Update 16 Feb 2015 (download):

- MovVal MyFloat(ct), My$(ct) is legal code now
- For_ ... Next has Step now (can be negative, too)
- In addition to At(col, row), Print can now take a CColor(foreground, background) arg

include \masm32\MasmBasic\MasmBasic.inc
  Init
  Dim My$()
  Dim MyFloat() As REAL8
  For_ ct=0 To 1000
      Let My$(ct)=Str$(ct)
      MovVal MyFloat(ct), My$(ct)
  Next
  For_ ct=100 To 1000 Step 100
        mov ecx, ct
        and ecx, 15
      Print At(35, Locate(y)+2) CColor(ecx, cWhite) Str$(ct), Str$("\tMyFloat(ct) = %Jf", MyFloat(ct))
  Next
  Exit
end start

jj2007

Update 24 February (download):

This snippet creates a windows application with a menu and monitors all WM_xx messages to the console.

GuiParas equ "Hello jj2007", x650, y20, w200, h200, cblack, b00FFFFD0h
GuiMenu equ @File, &Open, &Save, -, E&xit, @Edit, Undo, Copy, Paste
include \masm32\MasmBasic\Res\MbGui.asm
Event Message
  inc msgCount
  deb 4, "msg", chg:msgCount      ; , wParam, lParam      ; see deb
GuiEnd


More a proof of concept than a serious exercise, but it works. Attached a more detailed example, using create, key, menu and paint "events".

jj2007

Just for fun:

include \masm32\MasmBasic\MasmBasic.inc      ; download
  SetGlobals fct:REAL10, fStart:REAL8=2.0, fEnd:REAL8=1.5
  Init
  For_ fct=1.0 To 2.0 Step 0.25
      Print Str$("\n%Jf\t", fct)
  Next
  Print CrLf$, "..."
  For_ fct=fStart To fEnd Step -0.1
      Print Str$("\n%Jf\t", fct)
  Next
  Exit
end start


Output:
1.000000000000000000
1.250000000000000000
1.500000000000000000
1.750000000000000000
2.000000000000000000
...
2.000000000000000000
1.900000000000000000
1.800000000000000000
1.700000000000000000
1.600000000000000000
1.500000000000000000

rrr314159

Do u realize the last 12 posts in this thread are yours? Figured I'd break your streak :)

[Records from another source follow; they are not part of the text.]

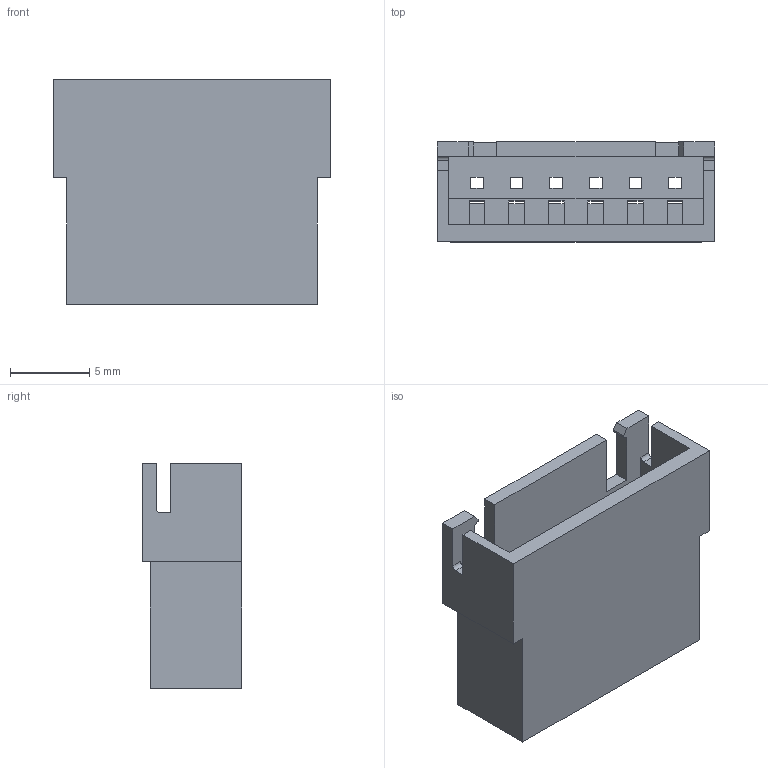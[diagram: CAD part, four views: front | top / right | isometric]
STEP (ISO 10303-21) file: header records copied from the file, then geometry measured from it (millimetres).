
FILE_DESCRIPTION (( 'STEP AP203' ), '1' );
FILE_NAME ('14K-506-210-AA1.STEP', '2024-02-23T14:31:51', ( '' ), ( '' ), 'SwSTEP 2.0', 'SolidWorks 2023', '' );
FILE_SCHEMA (( 'CONFIG_CONTROL_DESIGN' ));
Length unit declared in the file: millimetre
Products named in the file (1): 14K-506-210-AA1
Bounding box: 17.5 x 6.3 x 14.2 mm (x, y, z)
Volume: 744.4 mm3; surface area: 1709.5 mm2
Topology: 1 solids, 1 shells, 189 faces, 564 edges, 372 vertices
Faces by surface type: plane 185, cylinder 4
Entity records: 6335 total; most frequent: ORIENTED_EDGE 1128, CARTESIAN_POINT 1126, DIRECTION 952, EDGE_CURVE 564, VECTOR 556, LINE 556, VERTEX_POINT 372, EDGE_LOOP 208
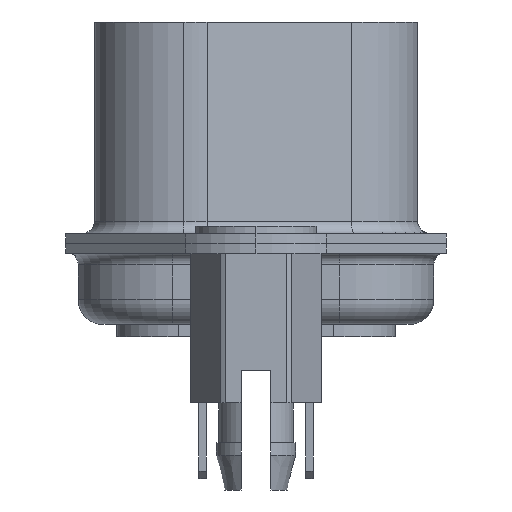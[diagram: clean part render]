
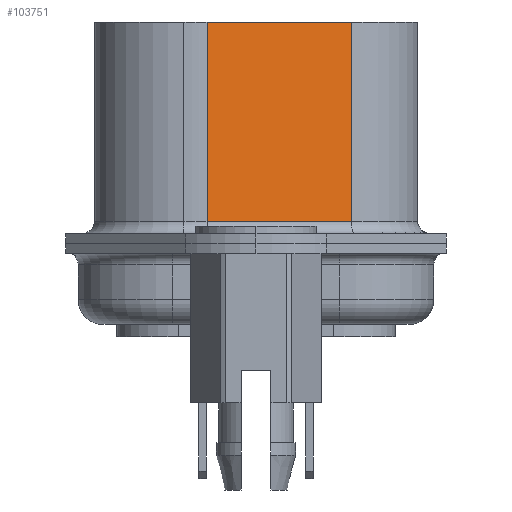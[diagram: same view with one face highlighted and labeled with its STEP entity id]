
A CAD part, left-side view. The second image highlights one B-rep face of the part: STEP entity #103751.
In plain terms, the highlighted planar face has unit normal (-0.966, -0.259, 0).
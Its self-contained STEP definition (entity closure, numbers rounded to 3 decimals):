
#10573 = CARTESIAN_POINT ( 'NONE',  ( 6.467, -3.832, 9.3 ) ) ;
#25760 = FACE_OUTER_BOUND ( 'NONE', #31586, .T. ) ;
#31586 = EDGE_LOOP ( 'NONE', ( #82722, #146116, #120109, #41867 ) ) ;
#39497 = DIRECTION ( 'NONE',  ( 0., 0., -1. ) ) ;
#40480 = DIRECTION ( 'NONE',  ( 0., 0., -1. ) ) ;
#41867 = ORIENTED_EDGE ( 'NONE', *, *, #126588, .F. ) ;
#46469 = CARTESIAN_POINT ( 'NONE',  ( 6.467, -3.832, 9.3 ) ) ;
#48236 = PLANE ( 'NONE',  #61800 ) ;
#49813 = DIRECTION ( 'NONE',  ( -0.259, 0.966, 0. ) ) ;
#54698 = CARTESIAN_POINT ( 'NONE',  ( 4.913, 1.968, 9.3 ) ) ;
#61800 = AXIS2_PLACEMENT_3D ( 'NONE', #10573, #98692, #49813 ) ;
#67721 = EDGE_CURVE ( 'NONE', #149812, #127230, #141085, .T. ) ;
#68787 = VERTEX_POINT ( 'NONE', #142437 ) ;
#77343 = LINE ( 'NONE', #103753, #133465 ) ;
#77634 = CARTESIAN_POINT ( 'NONE',  ( 4.913, 1.968, 9.3 ) ) ;
#80930 = VERTEX_POINT ( 'NONE', #77634 ) ;
#82722 = ORIENTED_EDGE ( 'NONE', *, *, #86667, .T. ) ;
#86667 = EDGE_CURVE ( 'NONE', #80930, #149812, #151631, .T. ) ;
#93048 = CARTESIAN_POINT ( 'NONE',  ( 6.467, -3.832, 1.3 ) ) ;
#95374 = VECTOR ( 'NONE', #120944, 1000. ) ;
#95513 = CARTESIAN_POINT ( 'NONE',  ( 4.913, 1.968, 1.3 ) ) ;
#98692 = DIRECTION ( 'NONE',  ( 0.966, 0.259, 0. ) ) ;
#103631 = CARTESIAN_POINT ( 'NONE',  ( 6.467, -3.832, 1.3 ) ) ;
#103751 = ADVANCED_FACE ( 'NONE', ( #25760 ), #48236, .F. ) ;
#103753 = CARTESIAN_POINT ( 'NONE',  ( 6.467, -3.832, 9.3 ) ) ;
#111482 = VECTOR ( 'NONE', #39497, 1000. ) ;
#118589 = LINE ( 'NONE', #46469, #95374 ) ;
#120109 = ORIENTED_EDGE ( 'NONE', *, *, #136260, .F. ) ;
#120944 = DIRECTION ( 'NONE',  ( 0.259, -0.966, 0. ) ) ;
#126588 = EDGE_CURVE ( 'NONE', #80930, #68787, #118589, .T. ) ;
#127230 = VERTEX_POINT ( 'NONE', #103631 ) ;
#129838 = DIRECTION ( 'NONE',  ( 0.259, -0.966, 0. ) ) ;
#133465 = VECTOR ( 'NONE', #40480, 1000. ) ;
#136260 = EDGE_CURVE ( 'NONE', #68787, #127230, #77343, .T. ) ;
#141085 = LINE ( 'NONE', #93048, #155738 ) ;
#142437 = CARTESIAN_POINT ( 'NONE',  ( 6.467, -3.832, 9.3 ) ) ;
#146116 = ORIENTED_EDGE ( 'NONE', *, *, #67721, .T. ) ;
#149812 = VERTEX_POINT ( 'NONE', #95513 ) ;
#151631 = LINE ( 'NONE', #54698, #111482 ) ;
#155738 = VECTOR ( 'NONE', #129838, 1000. ) ;
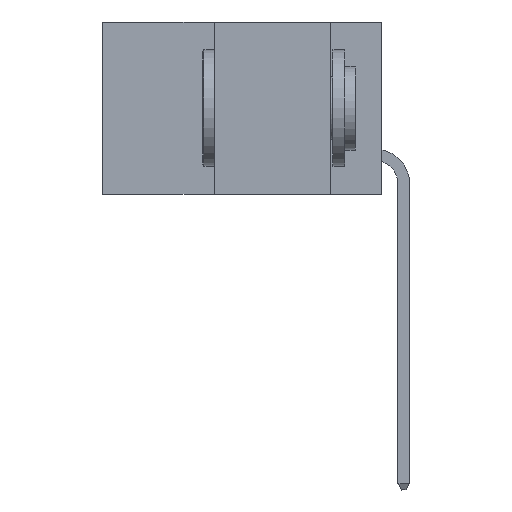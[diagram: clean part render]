
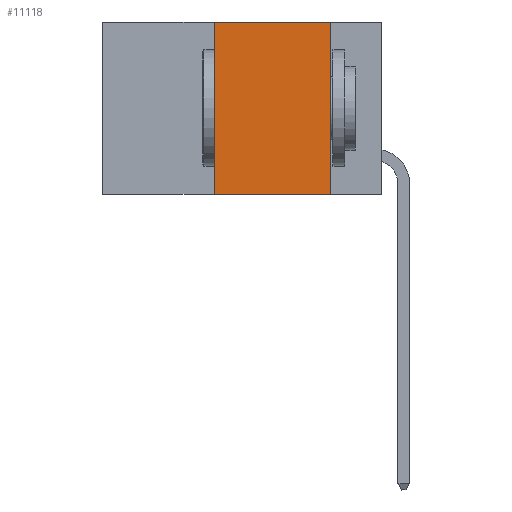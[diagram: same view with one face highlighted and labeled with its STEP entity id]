
A CAD part, left-side view. The second image highlights one B-rep face of the part: STEP entity #11118.
In plain terms, the highlighted planar face has unit normal (-1, 0, 0).
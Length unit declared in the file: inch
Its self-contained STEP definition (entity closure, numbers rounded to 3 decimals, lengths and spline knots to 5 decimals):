
#1685 = VERTEX_POINT ( 'NONE', #10008 ) ;
#1721 = DIRECTION ( 'NONE',  ( 0., -1., 0. ) ) ;
#1790 = ORIENTED_EDGE ( 'NONE', *, *, #19826, .F. ) ;
#2274 = LINE ( 'NONE', #5244, #21114 ) ;
#3397 = VERTEX_POINT ( 'NONE', #6295 ) ;
#3986 = LINE ( 'NONE', #14453, #12684 ) ;
#4019 = DIRECTION ( 'NONE',  ( 0., 0., -1. ) ) ;
#4441 = PLANE ( 'NONE',  #21320 ) ;
#4576 = LINE ( 'NONE', #5438, #15190 ) ;
#4914 = EDGE_CURVE ( 'NONE', #3397, #1685, #2274, .T. ) ;
#5244 = CARTESIAN_POINT ( 'NONE',  ( 0., 0.6, -0.37 ) ) ;
#5438 = CARTESIAN_POINT ( 'NONE',  ( 0., 0.6, 0. ) ) ;
#6067 = CARTESIAN_POINT ( 'NONE',  ( 0., 0.36, 0. ) ) ;
#6295 = CARTESIAN_POINT ( 'NONE',  ( 0., 0.36, -0.37 ) ) ;
#8444 = VECTOR ( 'NONE', #17908, 39.37008 ) ;
#10008 = CARTESIAN_POINT ( 'NONE',  ( 0., 0.11, -0.37 ) ) ;
#10055 = LINE ( 'NONE', #6067, #8444 ) ;
#10364 = VERTEX_POINT ( 'NONE', #12160 ) ;
#10464 = EDGE_CURVE ( 'NONE', #21088, #1685, #3986, .T. ) ;
#11118 = ADVANCED_FACE ( 'NONE', ( #17334 ), #4441, .F. ) ;
#11146 = CARTESIAN_POINT ( 'NONE',  ( 0., 0.6, 0. ) ) ;
#12160 = CARTESIAN_POINT ( 'NONE',  ( 0., 0.36, 0. ) ) ;
#12684 = VECTOR ( 'NONE', #4019, 39.37008 ) ;
#12711 = ORIENTED_EDGE ( 'NONE', *, *, #10464, .F. ) ;
#13728 = DIRECTION ( 'NONE',  ( 0., 0., -1. ) ) ;
#14453 = CARTESIAN_POINT ( 'NONE',  ( 0., 0.11, 0. ) ) ;
#14662 = DIRECTION ( 'NONE',  ( 0., -1., 0. ) ) ;
#14960 = EDGE_LOOP ( 'NONE', ( #12711, #1790, #20049, #18587 ) ) ;
#15190 = VECTOR ( 'NONE', #14662, 39.37008 ) ;
#17334 = FACE_OUTER_BOUND ( 'NONE', #14960, .T. ) ;
#17908 = DIRECTION ( 'NONE',  ( 0., 0., 1. ) ) ;
#18587 = ORIENTED_EDGE ( 'NONE', *, *, #4914, .T. ) ;
#18816 = DIRECTION ( 'NONE',  ( 1., 0., 0. ) ) ;
#19826 = EDGE_CURVE ( 'NONE', #10364, #21088, #4576, .T. ) ;
#20049 = ORIENTED_EDGE ( 'NONE', *, *, #22349, .F. ) ;
#21088 = VERTEX_POINT ( 'NONE', #22180 ) ;
#21114 = VECTOR ( 'NONE', #1721, 39.37008 ) ;
#21320 = AXIS2_PLACEMENT_3D ( 'NONE', #11146, #18816, #13728 ) ;
#22180 = CARTESIAN_POINT ( 'NONE',  ( 0., 0.11, 0. ) ) ;
#22349 = EDGE_CURVE ( 'NONE', #3397, #10364, #10055, .T. ) ;
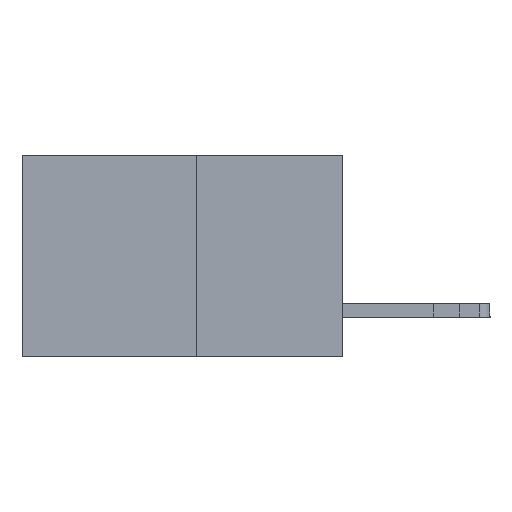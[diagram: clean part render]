
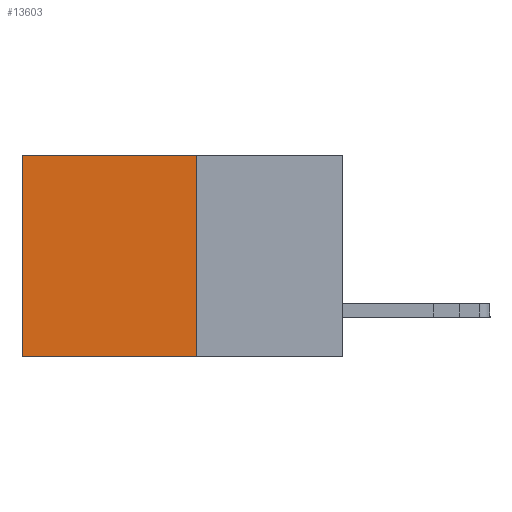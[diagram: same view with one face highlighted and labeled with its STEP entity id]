
A CAD part, left-side view. The second image highlights one B-rep face of the part: STEP entity #13603.
In plain terms, the highlighted planar face has unit normal (-1, 0, 0).
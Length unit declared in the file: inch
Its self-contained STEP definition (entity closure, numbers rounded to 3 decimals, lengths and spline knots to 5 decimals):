
#72 = EDGE_CURVE ( 'NONE', #18560, #8361, #2166, .T. ) ;
#676 = ORIENTED_EDGE ( 'NONE', *, *, #72, .F. ) ;
#2166 = LINE ( 'NONE', #6235, #10967 ) ;
#2542 = CARTESIAN_POINT ( 'NONE',  ( 0.277, 0.59, -0.37 ) ) ;
#2844 = CARTESIAN_POINT ( 'NONE',  ( 0.277, 0.27, -0.37 ) ) ;
#3485 = DIRECTION ( 'NONE',  ( 0., 0., -1. ) ) ;
#3869 = LINE ( 'NONE', #2542, #16082 ) ;
#4457 = DIRECTION ( 'NONE',  ( 0., 0., -1. ) ) ;
#6186 = EDGE_CURVE ( 'NONE', #17482, #18560, #16142, .T. ) ;
#6235 = CARTESIAN_POINT ( 'NONE',  ( 0.277, 0.27, -0.37 ) ) ;
#6256 = DIRECTION ( 'NONE',  ( 0., 1., 0. ) ) ;
#6378 = CARTESIAN_POINT ( 'NONE',  ( 0.277, 0.59, -0.37 ) ) ;
#6454 = VECTOR ( 'NONE', #19118, 39.37008 ) ;
#6619 = CARTESIAN_POINT ( 'NONE',  ( 0.277, 0.27, -0.37 ) ) ;
#7018 = CARTESIAN_POINT ( 'NONE',  ( 0.277, 0.27, 0. ) ) ;
#8361 = VERTEX_POINT ( 'NONE', #6378 ) ;
#8461 = ORIENTED_EDGE ( 'NONE', *, *, #8973, .T. ) ;
#8515 = ORIENTED_EDGE ( 'NONE', *, *, #18263, .T. ) ;
#8973 = EDGE_CURVE ( 'NONE', #10715, #8361, #3869, .T. ) ;
#9603 = EDGE_LOOP ( 'NONE', ( #8461, #676, #13850, #8515 ) ) ;
#10178 = CARTESIAN_POINT ( 'NONE',  ( 0.277, 0.27, 0. ) ) ;
#10715 = VERTEX_POINT ( 'NONE', #16809 ) ;
#10967 = VECTOR ( 'NONE', #6256, 39.37008 ) ;
#11585 = VECTOR ( 'NONE', #3485, 39.37008 ) ;
#13603 = ADVANCED_FACE ( 'NONE', ( #18323 ), #16483, .F. ) ;
#13850 = ORIENTED_EDGE ( 'NONE', *, *, #6186, .F. ) ;
#14784 = DIRECTION ( 'NONE',  ( 1., 0., 0. ) ) ;
#16082 = VECTOR ( 'NONE', #21682, 39.37008 ) ;
#16142 = LINE ( 'NONE', #6619, #11585 ) ;
#16483 = PLANE ( 'NONE',  #19313 ) ;
#16809 = CARTESIAN_POINT ( 'NONE',  ( 0.277, 0.59, 0. ) ) ;
#17482 = VERTEX_POINT ( 'NONE', #10178 ) ;
#18263 = EDGE_CURVE ( 'NONE', #17482, #10715, #18637, .T. ) ;
#18323 = FACE_OUTER_BOUND ( 'NONE', #9603, .T. ) ;
#18560 = VERTEX_POINT ( 'NONE', #2844 ) ;
#18637 = LINE ( 'NONE', #7018, #6454 ) ;
#19118 = DIRECTION ( 'NONE',  ( 0., 1., 0. ) ) ;
#19313 = AXIS2_PLACEMENT_3D ( 'NONE', #19986, #14784, #4457 ) ;
#19986 = CARTESIAN_POINT ( 'NONE',  ( 0.277, 0.27, -0.37 ) ) ;
#21682 = DIRECTION ( 'NONE',  ( 0., 0., -1. ) ) ;
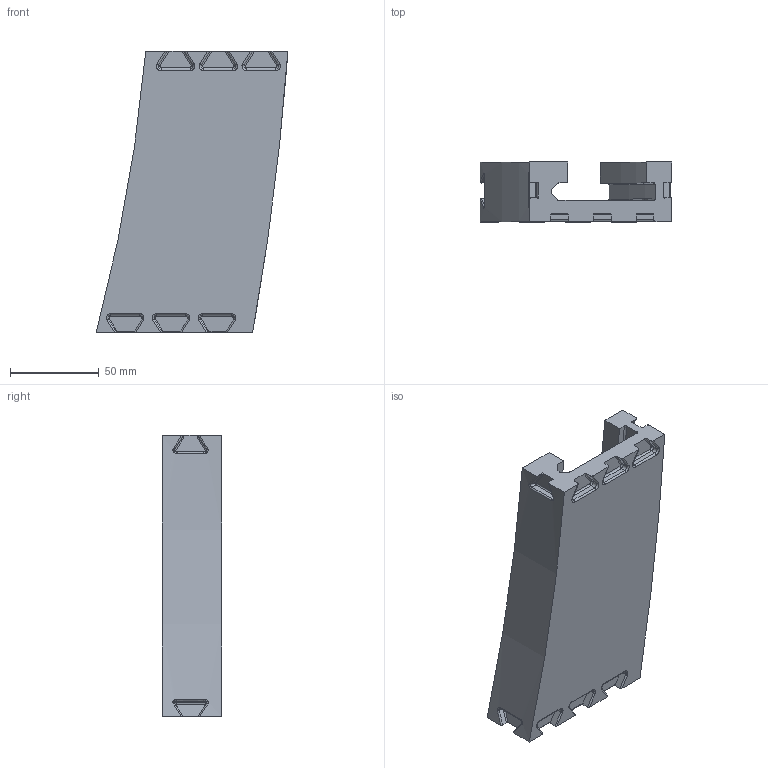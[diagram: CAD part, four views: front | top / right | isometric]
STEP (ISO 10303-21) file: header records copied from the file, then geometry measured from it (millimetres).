
FILE_DESCRIPTION(/* description */ (''),/* implementation_level */ '2;1');
FILE_NAME(/* name */ 'freeman1337-speedloader-middle-v4-engraved.step',/* time_stamp */ '2021-09-03T15:15:41-07:00',/* author */ (''),/* organization */ (''),/* preprocessor_version */ 'ST-DEVELOPER v18.1',/* originating_system */ 'Autodesk Translation Framework v10.10.0.1391',/* authorisation */ '');
FILE_SCHEMA (('AUTOMOTIVE_DESIGN { 1 0 10303 214 3 1 1 }'));
Length unit declared in the file: millimetre
Products named in the file (1): loader-middle
Bounding box: 108.23 x 33.62 x 158.74 mm (x, y, z)
Volume: 262197.5 mm3; surface area: 53697.8 mm2
Topology: 1 solids, 1 shells, 1012 faces, 2726 edges, 1784 vertices
Faces by surface type: plane 476, bspline 434, cylinder 81, torus 21
Entity records: 36236 total; most frequent: CARTESIAN_POINT 13615, ORIENTED_EDGE 5444, DIRECTION 3283, EDGE_CURVE 2722, VERTEX_POINT 1784, LINE 1647, VECTOR 1647, EDGE_LOOP 1084

But also it's interesting you're using float instead of integer in the for-next loop, because I've just done the similar thing with timing macros. I'll soon post a "faster" 32-bit algo in the laboratory - this time using MichaelW's timers, everything "by the book", but with "massively parallel" use of xmm registers. I'd gotten used to returning 64-bits from the rdtsc call and couldn't stand being confined to 32-bits again (1 second vs. 100 years) so wrote a 32-bit version of timers using REAL8 to hold the rdtsc result. Works fine, it's fast enough, this way you can add, average print out etc the timing figures easily.

Anyway, c u later!
I am NaN ;)

jj2007

Thanks for the heads up ;-)

I posted a float example because that's new - integers always worked.

Re rdtsc, printing a qword is not a big deal:

include \masm32\MasmBasic\MasmBasic.inc      ; download
  Init
  rdtsc
  Print Str$("TSC=%i\n", edx::eax)
  invoke Sleep, 1
  rdtsc
  Print Str$("TSC=%i\n", edx::eax)
  Exit
end start


The problems with rdtsc are elsewhere. M$ suggests QueryPerformanceCounter instead, which is under the hood of NanoTimer().